God forbid we ever have another conventional war but if we do you can look forward to having a couple dozen hypersonic glide vehicles (costing pennies on the dollar) sinking entire carrier groups in minutes. Swarms of drones just flying past over-priced f-35's, letting them expend all their munitions (which probably cost more than the drones), and still making it to hit their intended targets.
But the US navy's still got some kinda ok submarines so they got that going for them, the airforce.... idk I guess they can keep talking about "stealth" (fancy paint) and how its effective at avoiding detection from the underfunded military's of 3rd world dictators.
Until it becomes completely accepted that flying robots kill human beings every other day... oh but wait. Already the case, never mind. It is okay I guess, as long as you are born in the country equipped with it.
I had an interview with Improbable in London, the CEO of their "Defense" research arm is a complete nutjob without any care for ethics or forward-thinking into the risk of what he is building. And that's a tech startup, I can't even imagine what's the mindset in the R&D labs of the old-school defence industry.
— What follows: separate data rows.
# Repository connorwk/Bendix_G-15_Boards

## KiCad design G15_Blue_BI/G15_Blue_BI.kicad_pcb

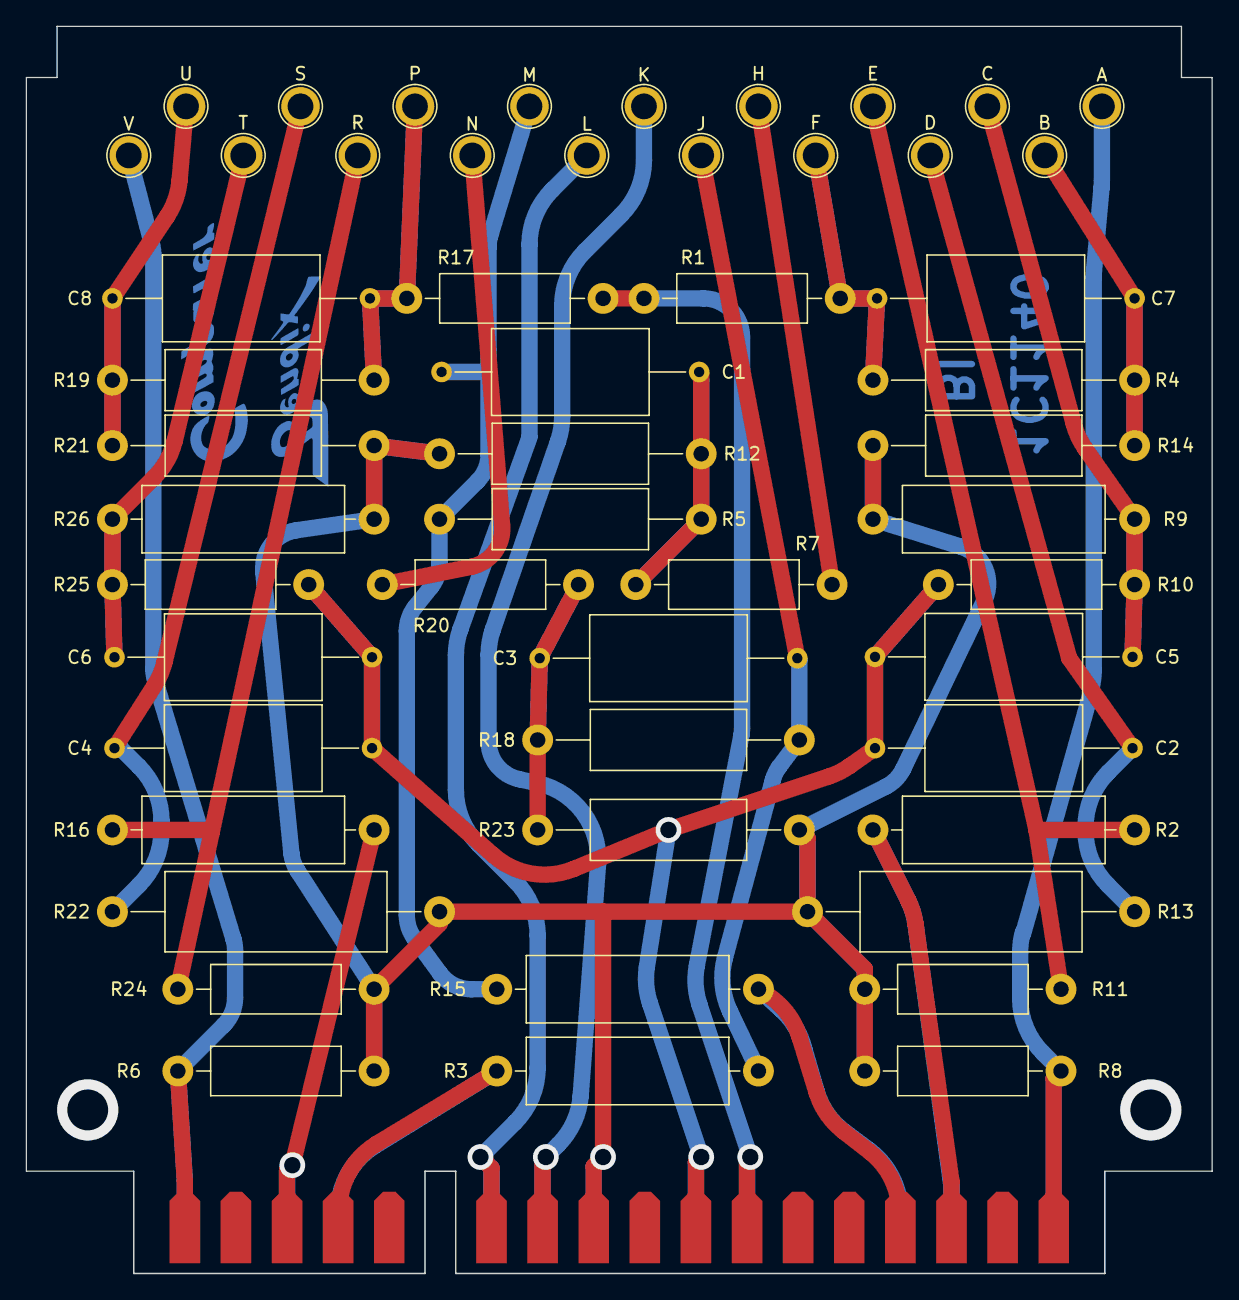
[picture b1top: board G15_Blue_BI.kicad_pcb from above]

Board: 2 copper layers, 92.1 x 96.8 mm, 53 parts (0 on the bottom side), 27 nets.

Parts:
C1, C3, C7, C8: 30nF 500V; C_Axial_L12.0mm_D6.5mm_P20.00mm_Horizontal
C2, C4, C5, C6: 300nF 500V; C_Axial_L12.0mm_D6.5mm_P20.00mm_Horizontal
J1: Conn_02x18_Row_Letter_First; Card_Edge_P_Key
R1, R17: 33K 1/2W 5%; R_Axial_DIN0411_L9.9mm_D3.6mm_P15.24mm_Horizontal
R2, R3, R15, R16: 3.9K 1W 5%; R_Axial_DIN0516_L15.5mm_D5.0mm_P20.32mm_Horizontal
R4, R19: 270K 1/4W 1%; R_Axial_DIN0414_L11.9mm_D4.5mm_P20.32mm_Horizontal
R5, R18: 82K 1/4W 1%; R_Axial_DIN0414_L11.9mm_D4.5mm_P20.32mm_Horizontal
R6, R8: 560K 1/2W 5%; R_Axial_DIN0411_L9.9mm_D3.6mm_P15.24mm_Horizontal
R7, R20: 1.2K 1/2W 5%; R_Axial_DIN0411_L9.9mm_D3.6mm_P15.24mm_Horizontal
R9, R26: 82K 1W 5%; R_Axial_DIN0516_L15.5mm_D5.0mm_P20.32mm_Horizontal
R10, R25: 4.3K 1/2W 5%; R_Axial_DIN0411_L9.9mm_D3.6mm_P15.24mm_Horizontal
R11, R24: 110K 1/2W 5%; R_Axial_DIN0411_L9.9mm_D3.6mm_P15.24mm_Horizontal
R12, R23: 33K 1/4W 1%; R_Axial_DIN0414_L11.9mm_D4.5mm_P20.32mm_Horizontal
R13, R22: 3.9K 1/2W 1%; R_Axial_DIN0617_L17.0mm_D6.0mm_P25.40mm_Horizontal
R14, R21: 56K 1/4W 1%; R_Axial_DIN0414_L11.9mm_D4.5mm_P20.32mm_Horizontal
TP1: V; TestPoint_Plated_Hole_D2.0mm
TP2: U; TestPoint_Plated_Hole_D2.0mm
TP3: T; TestPoint_Plated_Hole_D2.0mm
TP4: S; TestPoint_Plated_Hole_D2.0mm
TP5: R; TestPoint_Plated_Hole_D2.0mm
TP6: P; TestPoint_Plated_Hole_D2.0mm
TP7: N; TestPoint_Plated_Hole_D2.0mm
TP8: M; TestPoint_Plated_Hole_D2.0mm
TP9: L; TestPoint_Plated_Hole_D2.0mm
TP10: K; TestPoint_Plated_Hole_D2.0mm
TP11: J; TestPoint_Plated_Hole_D2.0mm
TP12: H; TestPoint_Plated_Hole_D2.0mm
TP13: F; TestPoint_Plated_Hole_D2.0mm
TP14: E; TestPoint_Plated_Hole_D2.0mm
TP15: D; TestPoint_Plated_Hole_D2.0mm
TP16: C; TestPoint_Plated_Hole_D2.0mm
TP17: B; TestPoint_Plated_Hole_D2.0mm
TP18: A; TestPoint_Plated_Hole_D2.0mm

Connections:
/+100V: J1.a7, J1.b7, R1.1, R17.1
/-160V: J1.a10, J1.b10, R6.2, R8.2, R9.2, R11.2, R12.2, R13.2, R14.1, R21.2, R22.2, R23.2, R24.2, R26.1
/Filament 1: J1.a11, J1.b11, TP10.1
/Filament 2: J1.a12, J1.b12, TP9.1
/Input 1: J1.a1, J1.b1, R8.1, TP18.1
/Input 2: J1.a18, J1.b18, R6.1, TP1.1
/Output 1_{0}: J1.a3, J1.b3, R2.1
/Output 1_{1}: J1.a4, J1.b4, R3.1
/Output 2_{0}: J1.a16, J1.b16, R16.1
/Output 2_{1}: J1.a15, J1.b15, R15.1
/V1P1: R16.2, R24.1, TP5.1
/V1P2: R20.2, TP7.1
/V1P3: C4.1, R22.1, TP4.1
/V1P6: C8.1, R17.2, R19.1, TP6.1
/V1P8: C6.1, R25.1, R26.2, TP3.1
/V2P1: C1.1, R3.2, R5.2, TP8.1
/V2P2: C7.2, R4.1, R14.2, TP17.1
/V2P3: C2.1, R13.1, TP15.1
/V2P6: C3.1, R15.2, R18.2, TP11.1
/V2P7: C8.2, R19.2, R21.1, TP2.1
/V3P1: C7.1, R1.2, R4.2, TP13.1
/V3P3: C5.1, R9.1, R10.1, TP16.1
/V3P6: R2.2, R11.1, TP14.1
/V3P7: R7.2, TP12.1
GND: C2.2, C4.2, C5.2, C6.2, J1.a8, J1.b8, R10.2, R25.2
unnamed: C1.2, R5.1, R7.1, R12.1
unnamed: C3.2, R18.1, R20.1, R23.1

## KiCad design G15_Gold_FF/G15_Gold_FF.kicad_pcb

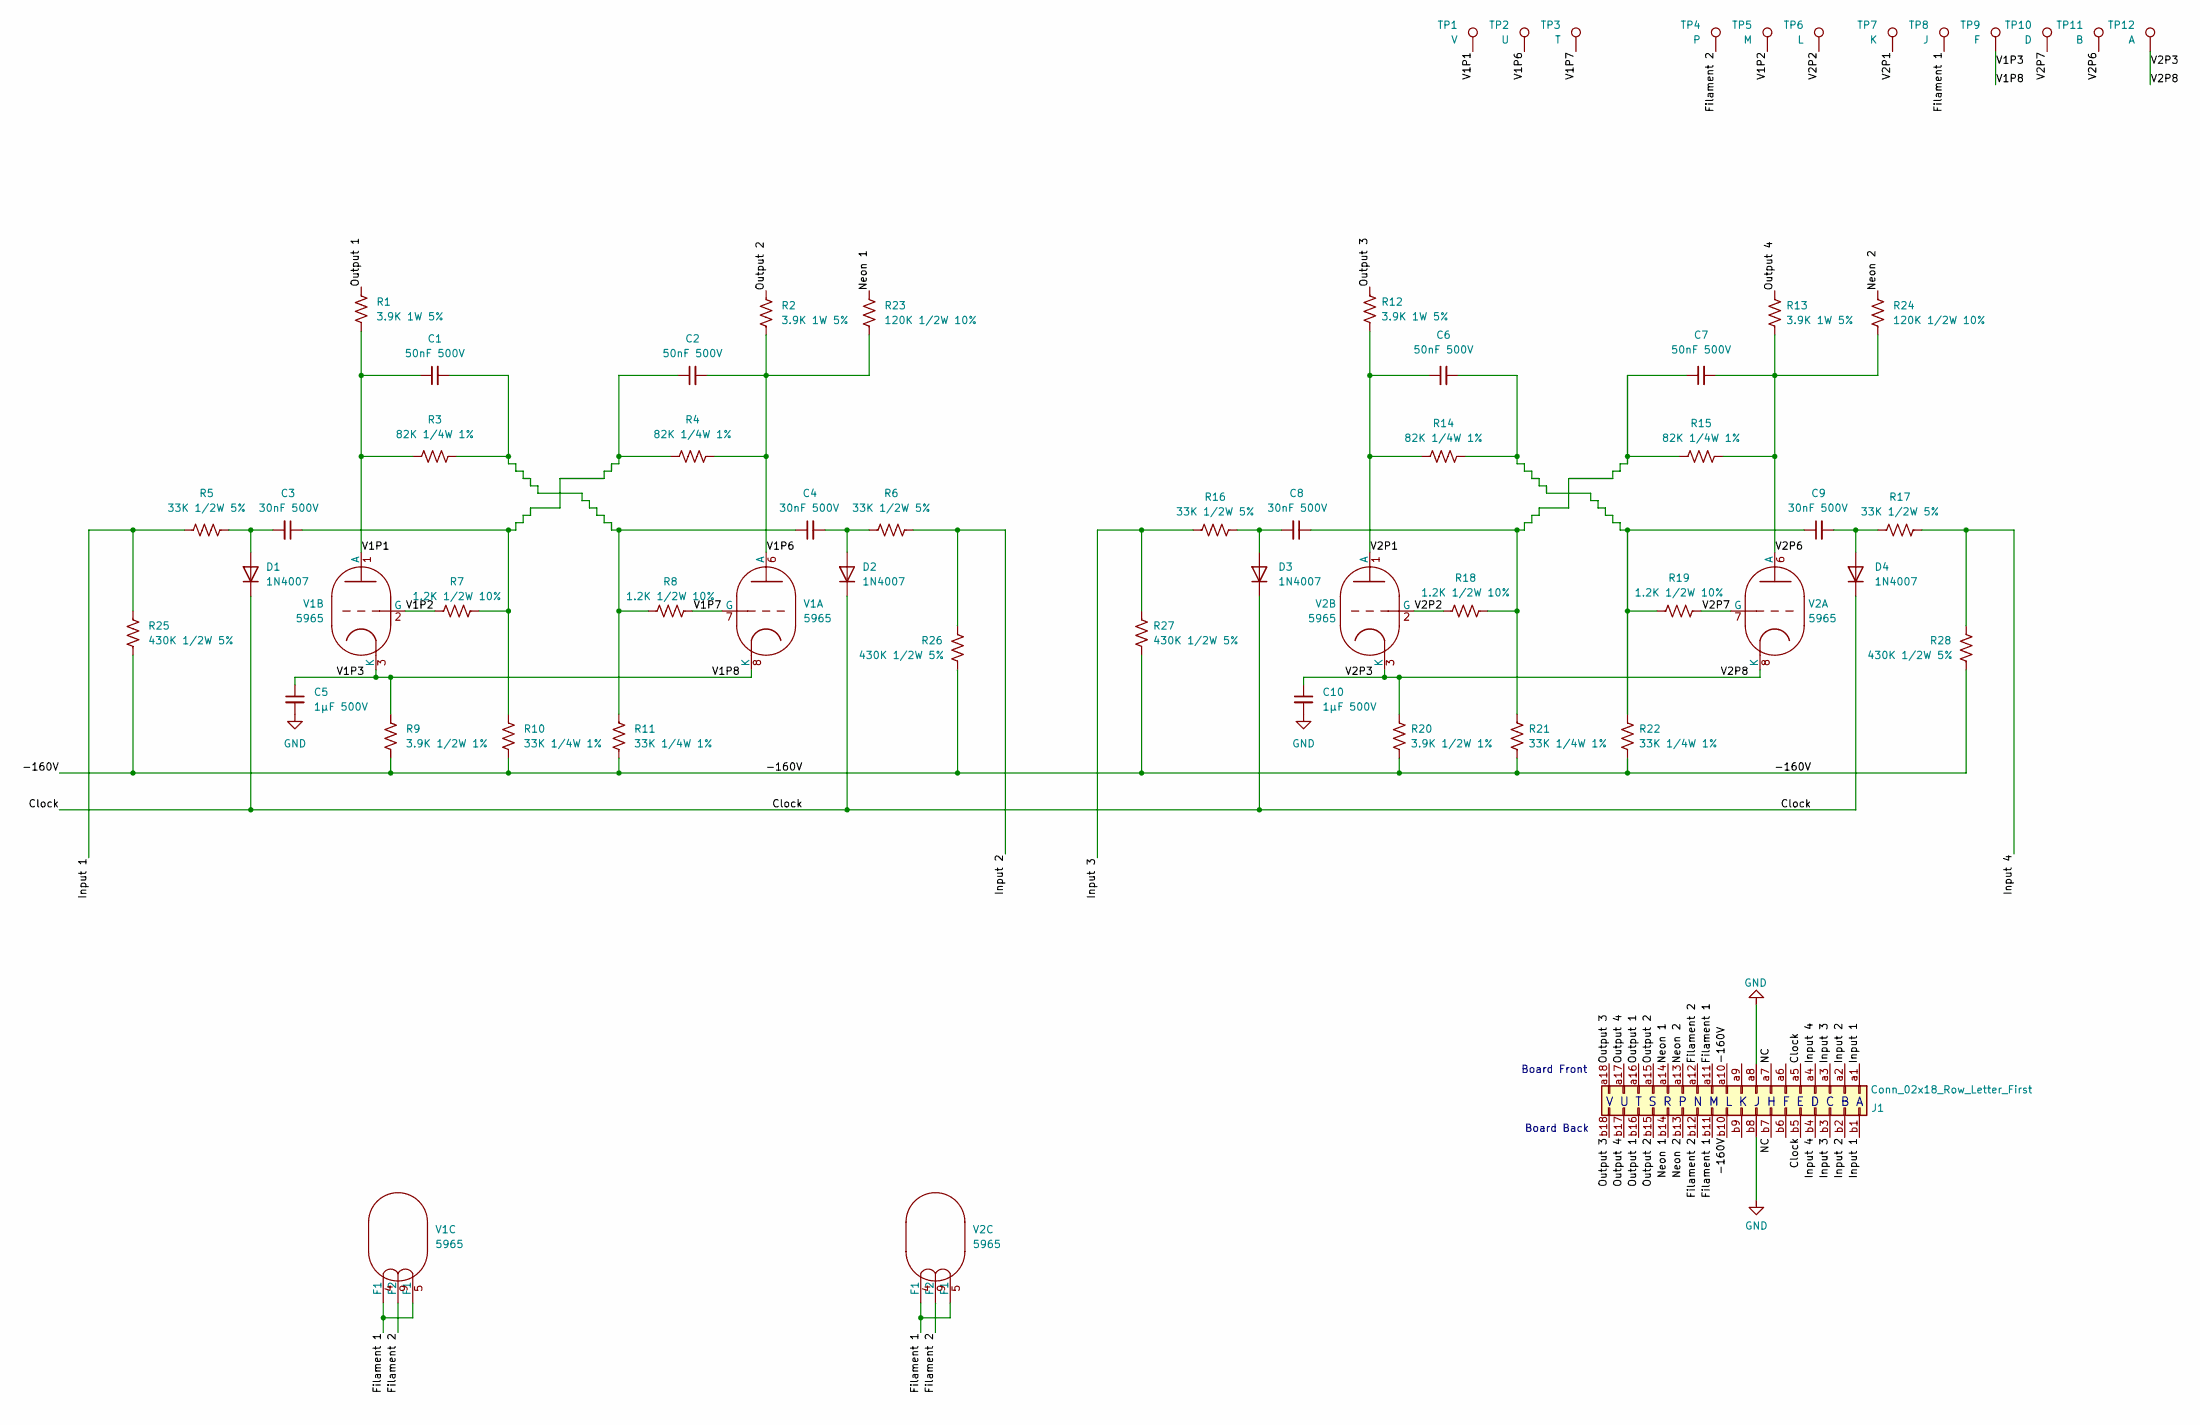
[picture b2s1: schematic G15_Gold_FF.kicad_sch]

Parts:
C1, C2, C6, C7: 50nF 500V; C_Axial_L5.1mm_D3.1mm_P15.00mm_Horizontal
C3, C4, C8, C9: 30nF 500V; C_Axial_L5.1mm_D3.1mm_P15.00mm_Horizontal
C5, C10: 1µF 500V; C_Axial_L5.1mm_D3.1mm_P15.00mm_Horizontal
D1, D2, D3, D4: 1N4007; D_DO-41_SOD81_P12.70mm_Horizontal
J1: Conn_02x18_Row_Letter_First; Card_Edge_H_Key
R1, R2, R12, R13: 3.9K 1W 5%; R_Axial_DIN0309_L9.0mm_D3.2mm_P15.24mm_Horizontal
R3, R4, R14, R15: 82K 1/4W 1%; R_Axial_DIN0309_L9.0mm_D3.2mm_P15.24mm_Horizontal
R5, R6, R16, R17: 33K 1/2W 5%; R_Axial_DIN0309_L9.0mm_D3.2mm_P15.24mm_Horizontal
R7, R8, R18, R19: 1.2K 1/2W 10%; R_Axial_DIN0309_L9.0mm_D3.2mm_P12.70mm_Horizontal
R9, R20: 3.9K 1/2W 1%; R_Axial_DIN0309_L9.0mm_D3.2mm_P15.24mm_Horizontal
R10, R11, R21, R22: 33K 1/4W 1%; R_Axial_DIN0309_L9.0mm_D3.2mm_P15.24mm_Horizontal
R23, R24: 120K 1/2W 10%; R_Axial_DIN0309_L9.0mm_D3.2mm_P15.24mm_Horizontal
R25, R26, R27, R28: 430K 1/2W 5%; R_Axial_DIN0309_L9.0mm_D3.2mm_P15.24mm_Horizontal
TP1: V; TestPoint_Plated_Hole_D2.0mm
TP2: U; TestPoint_Plated_Hole_D2.0mm
TP3: T; TestPoint_Plated_Hole_D2.0mm
TP4: P; TestPoint_Plated_Hole_D2.0mm
TP5: M; TestPoint_Plated_Hole_D2.0mm
TP6: L; TestPoint_Plated_Hole_D2.0mm
TP7: K; TestPoint_Plated_Hole_D2.0mm
TP8: J; TestPoint_Plated_Hole_D2.0mm
TP9: F; TestPoint_Plated_Hole_D2.0mm
TP10: D; TestPoint_Plated_Hole_D2.0mm
TP11: B; TestPoint_Plated_Hole_D2.0mm
TP12: A; TestPoint_Plated_Hole_D2.0mm
V1, V2: 5965

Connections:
/-160V: J1.a10, J1.b10, R9.2, R10.1, R11.2, R20.2, R21.1, R22.2, R25.2, R26.2, R27.2, R28.2
/Clock: D1.1 (K), D2.1 (K), D3.1 (K), D4.1 (K), J1.a5, J1.b5
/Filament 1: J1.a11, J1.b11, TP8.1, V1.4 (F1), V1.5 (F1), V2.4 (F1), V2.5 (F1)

Probably ridiculously entitled and self-congratulatory.
What I think I am looking for is a short Dungeons and Dragons style combat set of rules, and a blog post walking you through the issues.
I mean something like "Jet fighter A: can fire missile X with 50% chance of hitting other jet at range 200mi"
I remember a couple months ago, a video explaining the physics of a submarine being blown up showed up here. That was the first time I learned that a strategy for submarine warfare was to target an explosion under the center of the enemy sub, causing the water to rush up and creating a pressure differential that would crack the sub. Does that mean that is how sub warfare is done now? Or if that's the standard attack vector? Or that sub warfare would even be done with torpedoes now? No. The general public, and probably people not actively in the military with top secret clearance, only get bits and pieces of modern warfare strategy.
Edit: When I said the military might have those specs under lock and key, I meant my understanding is that the military is extremely compartmentalized and, aside from the highest ranking generals, there is almost no data aggregation on the details of what is capable.